Aim of the task. An exact transcription of the lines below, from the first through the one containing "#9060 = EDGE_CURVE", is the only output wanted.

BEGIN Records provided

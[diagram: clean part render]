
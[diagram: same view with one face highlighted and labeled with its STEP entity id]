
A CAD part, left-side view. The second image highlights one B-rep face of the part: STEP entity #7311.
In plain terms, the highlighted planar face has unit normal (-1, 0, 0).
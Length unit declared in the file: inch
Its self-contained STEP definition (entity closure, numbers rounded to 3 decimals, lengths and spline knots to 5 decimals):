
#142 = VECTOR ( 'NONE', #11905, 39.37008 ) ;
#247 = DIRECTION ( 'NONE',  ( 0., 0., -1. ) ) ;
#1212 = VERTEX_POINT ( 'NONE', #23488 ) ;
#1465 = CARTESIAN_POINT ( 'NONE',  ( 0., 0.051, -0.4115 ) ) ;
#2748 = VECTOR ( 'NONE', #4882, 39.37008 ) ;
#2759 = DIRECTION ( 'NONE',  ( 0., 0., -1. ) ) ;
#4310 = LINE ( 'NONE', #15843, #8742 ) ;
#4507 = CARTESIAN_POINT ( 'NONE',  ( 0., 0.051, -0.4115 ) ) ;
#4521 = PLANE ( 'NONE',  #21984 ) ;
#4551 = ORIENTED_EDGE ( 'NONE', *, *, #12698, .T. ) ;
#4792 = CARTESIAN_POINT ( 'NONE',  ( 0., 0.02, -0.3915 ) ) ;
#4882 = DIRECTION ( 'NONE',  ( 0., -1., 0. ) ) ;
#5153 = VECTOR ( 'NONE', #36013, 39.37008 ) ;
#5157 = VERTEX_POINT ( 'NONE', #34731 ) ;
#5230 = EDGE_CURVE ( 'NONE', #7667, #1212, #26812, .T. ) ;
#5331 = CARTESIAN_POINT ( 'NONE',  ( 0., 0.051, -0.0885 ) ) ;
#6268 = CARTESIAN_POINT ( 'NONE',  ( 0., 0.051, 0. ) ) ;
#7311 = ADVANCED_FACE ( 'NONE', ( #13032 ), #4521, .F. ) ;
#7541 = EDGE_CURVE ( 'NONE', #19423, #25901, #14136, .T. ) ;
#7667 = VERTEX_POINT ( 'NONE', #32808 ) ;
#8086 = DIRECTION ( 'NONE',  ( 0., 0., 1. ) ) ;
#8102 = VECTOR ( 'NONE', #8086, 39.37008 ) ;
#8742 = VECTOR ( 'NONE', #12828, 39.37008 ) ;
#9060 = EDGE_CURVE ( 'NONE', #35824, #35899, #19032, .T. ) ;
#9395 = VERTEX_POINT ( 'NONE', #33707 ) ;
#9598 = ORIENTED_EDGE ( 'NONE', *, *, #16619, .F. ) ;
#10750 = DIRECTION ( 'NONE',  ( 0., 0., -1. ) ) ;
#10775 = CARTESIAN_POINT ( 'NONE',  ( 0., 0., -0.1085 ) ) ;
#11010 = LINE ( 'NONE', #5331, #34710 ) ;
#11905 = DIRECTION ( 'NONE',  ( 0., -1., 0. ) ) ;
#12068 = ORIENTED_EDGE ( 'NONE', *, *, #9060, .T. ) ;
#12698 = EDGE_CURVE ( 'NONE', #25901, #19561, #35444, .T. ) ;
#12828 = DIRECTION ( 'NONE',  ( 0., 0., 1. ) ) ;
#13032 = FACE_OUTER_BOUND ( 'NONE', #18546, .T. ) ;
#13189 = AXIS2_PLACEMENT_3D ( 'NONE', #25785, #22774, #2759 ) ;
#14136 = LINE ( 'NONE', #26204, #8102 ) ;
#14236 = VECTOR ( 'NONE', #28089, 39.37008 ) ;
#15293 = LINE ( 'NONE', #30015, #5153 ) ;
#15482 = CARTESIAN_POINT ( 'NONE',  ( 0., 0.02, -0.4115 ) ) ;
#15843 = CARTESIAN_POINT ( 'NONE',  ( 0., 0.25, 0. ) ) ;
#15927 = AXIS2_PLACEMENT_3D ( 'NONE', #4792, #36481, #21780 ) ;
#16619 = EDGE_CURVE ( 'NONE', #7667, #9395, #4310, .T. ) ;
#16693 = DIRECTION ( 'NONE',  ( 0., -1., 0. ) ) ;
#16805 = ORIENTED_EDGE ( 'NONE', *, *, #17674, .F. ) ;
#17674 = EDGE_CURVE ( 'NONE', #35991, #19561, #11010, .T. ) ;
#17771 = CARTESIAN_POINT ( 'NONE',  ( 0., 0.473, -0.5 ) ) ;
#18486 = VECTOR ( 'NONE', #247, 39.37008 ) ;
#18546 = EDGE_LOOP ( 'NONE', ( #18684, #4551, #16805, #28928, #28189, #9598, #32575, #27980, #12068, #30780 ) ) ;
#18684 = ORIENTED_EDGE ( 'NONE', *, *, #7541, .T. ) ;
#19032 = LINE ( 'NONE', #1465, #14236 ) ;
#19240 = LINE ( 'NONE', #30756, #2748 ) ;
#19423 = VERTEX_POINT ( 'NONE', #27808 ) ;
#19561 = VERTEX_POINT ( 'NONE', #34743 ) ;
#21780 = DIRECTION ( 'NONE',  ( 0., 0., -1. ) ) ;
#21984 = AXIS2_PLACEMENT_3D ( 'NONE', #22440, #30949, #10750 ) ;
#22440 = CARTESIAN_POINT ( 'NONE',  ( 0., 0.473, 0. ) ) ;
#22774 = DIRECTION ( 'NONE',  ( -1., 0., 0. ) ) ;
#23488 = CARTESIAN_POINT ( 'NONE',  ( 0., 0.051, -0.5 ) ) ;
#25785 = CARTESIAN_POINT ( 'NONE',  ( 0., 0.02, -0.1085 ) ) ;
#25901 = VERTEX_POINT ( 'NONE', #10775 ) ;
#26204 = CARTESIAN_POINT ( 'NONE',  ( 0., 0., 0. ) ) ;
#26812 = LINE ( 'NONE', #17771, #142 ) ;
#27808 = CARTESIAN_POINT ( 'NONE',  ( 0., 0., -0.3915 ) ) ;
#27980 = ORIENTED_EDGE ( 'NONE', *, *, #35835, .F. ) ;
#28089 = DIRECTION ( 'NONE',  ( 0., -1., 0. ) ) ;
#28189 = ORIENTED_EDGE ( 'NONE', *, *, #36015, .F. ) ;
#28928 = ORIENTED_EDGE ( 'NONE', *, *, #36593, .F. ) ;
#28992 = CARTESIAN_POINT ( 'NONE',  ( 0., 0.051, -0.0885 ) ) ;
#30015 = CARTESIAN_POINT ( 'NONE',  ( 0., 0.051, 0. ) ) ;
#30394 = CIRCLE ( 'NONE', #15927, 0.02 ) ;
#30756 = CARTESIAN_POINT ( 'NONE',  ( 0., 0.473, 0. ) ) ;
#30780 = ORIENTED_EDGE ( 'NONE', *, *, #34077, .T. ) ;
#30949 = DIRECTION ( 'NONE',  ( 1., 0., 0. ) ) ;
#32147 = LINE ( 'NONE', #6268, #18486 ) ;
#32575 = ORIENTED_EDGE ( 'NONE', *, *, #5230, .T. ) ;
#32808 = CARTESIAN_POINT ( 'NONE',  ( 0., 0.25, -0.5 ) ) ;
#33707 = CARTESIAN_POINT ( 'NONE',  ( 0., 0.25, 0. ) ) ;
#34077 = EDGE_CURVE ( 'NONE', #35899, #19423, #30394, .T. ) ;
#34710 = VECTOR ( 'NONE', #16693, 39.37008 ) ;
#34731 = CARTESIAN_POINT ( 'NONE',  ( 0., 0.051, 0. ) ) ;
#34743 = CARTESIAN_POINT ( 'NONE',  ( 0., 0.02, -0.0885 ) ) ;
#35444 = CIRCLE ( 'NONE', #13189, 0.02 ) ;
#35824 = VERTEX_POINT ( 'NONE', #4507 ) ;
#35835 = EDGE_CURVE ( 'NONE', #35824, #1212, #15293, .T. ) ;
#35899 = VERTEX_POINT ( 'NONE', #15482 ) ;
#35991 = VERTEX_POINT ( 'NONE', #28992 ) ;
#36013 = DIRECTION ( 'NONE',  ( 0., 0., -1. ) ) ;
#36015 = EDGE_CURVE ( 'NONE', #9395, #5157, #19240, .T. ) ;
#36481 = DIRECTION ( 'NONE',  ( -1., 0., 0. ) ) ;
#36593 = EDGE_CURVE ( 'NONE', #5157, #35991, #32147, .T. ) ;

END Records provided

Exercise answer.
[diagram: clean part render]
[diagram: same view with one face highlighted and labeled with its STEP entity id]
A CAD part, left-side view. The second image highlights one B-rep face of the part: STEP entity #7311.
In plain terms, the highlighted planar face has unit normal (-1, 0, 0).
Length unit declared in the file: inch
Its self-contained STEP definition (entity closure, numbers rounded to 3 decimals, lengths and spline knots to 5 decimals):
#142 = VECTOR ( 'NONE', #11905, 39.37008 ) ;
#247 = DIRECTION ( 'NONE',  ( 0., 0., -1. ) ) ;
#1212 = VERTEX_POINT ( 'NONE', #23488 ) ;
#1465 = CARTESIAN_POINT ( 'NONE',  ( 0., 0.051, -0.4115 ) ) ;
#2748 = VECTOR ( 'NONE', #4882, 39.37008 ) ;
#2759 = DIRECTION ( 'NONE',  ( 0., 0., -1. ) ) ;
#4310 = LINE ( 'NONE', #15843, #8742 ) ;
#4507 = CARTESIAN_POINT ( 'NONE',  ( 0., 0.051, -0.4115 ) ) ;
#4521 = PLANE ( 'NONE',  #21984 ) ;
#4551 = ORIENTED_EDGE ( 'NONE', *, *, #12698, .T. ) ;
#4792 = CARTESIAN_POINT ( 'NONE',  ( 0., 0.02, -0.3915 ) ) ;
#4882 = DIRECTION ( 'NONE',  ( 0., -1., 0. ) ) ;
#5153 = VECTOR ( 'NONE', #36013, 39.37008 ) ;
#5157 = VERTEX_POINT ( 'NONE', #34731 ) ;
#5230 = EDGE_CURVE ( 'NONE', #7667, #1212, #26812, .T. ) ;
#5331 = CARTESIAN_POINT ( 'NONE',  ( 0., 0.051, -0.0885 ) ) ;
#6268 = CARTESIAN_POINT ( 'NONE',  ( 0., 0.051, 0. ) ) ;
#7311 = ADVANCED_FACE ( 'NONE', ( #13032 ), #4521, .F. ) ;
#7541 = EDGE_CURVE ( 'NONE', #19423, #25901, #14136, .T. ) ;
#7667 = VERTEX_POINT ( 'NONE', #32808 ) ;
#8086 = DIRECTION ( 'NONE',  ( 0., 0., 1. ) ) ;
#8102 = VECTOR ( 'NONE', #8086, 39.37008 ) ;
#8742 = VECTOR ( 'NONE', #12828, 39.37008 ) ;
#9060 = EDGE_CURVE ( 'NONE', #35824, #35899, #19032, .T. ) ;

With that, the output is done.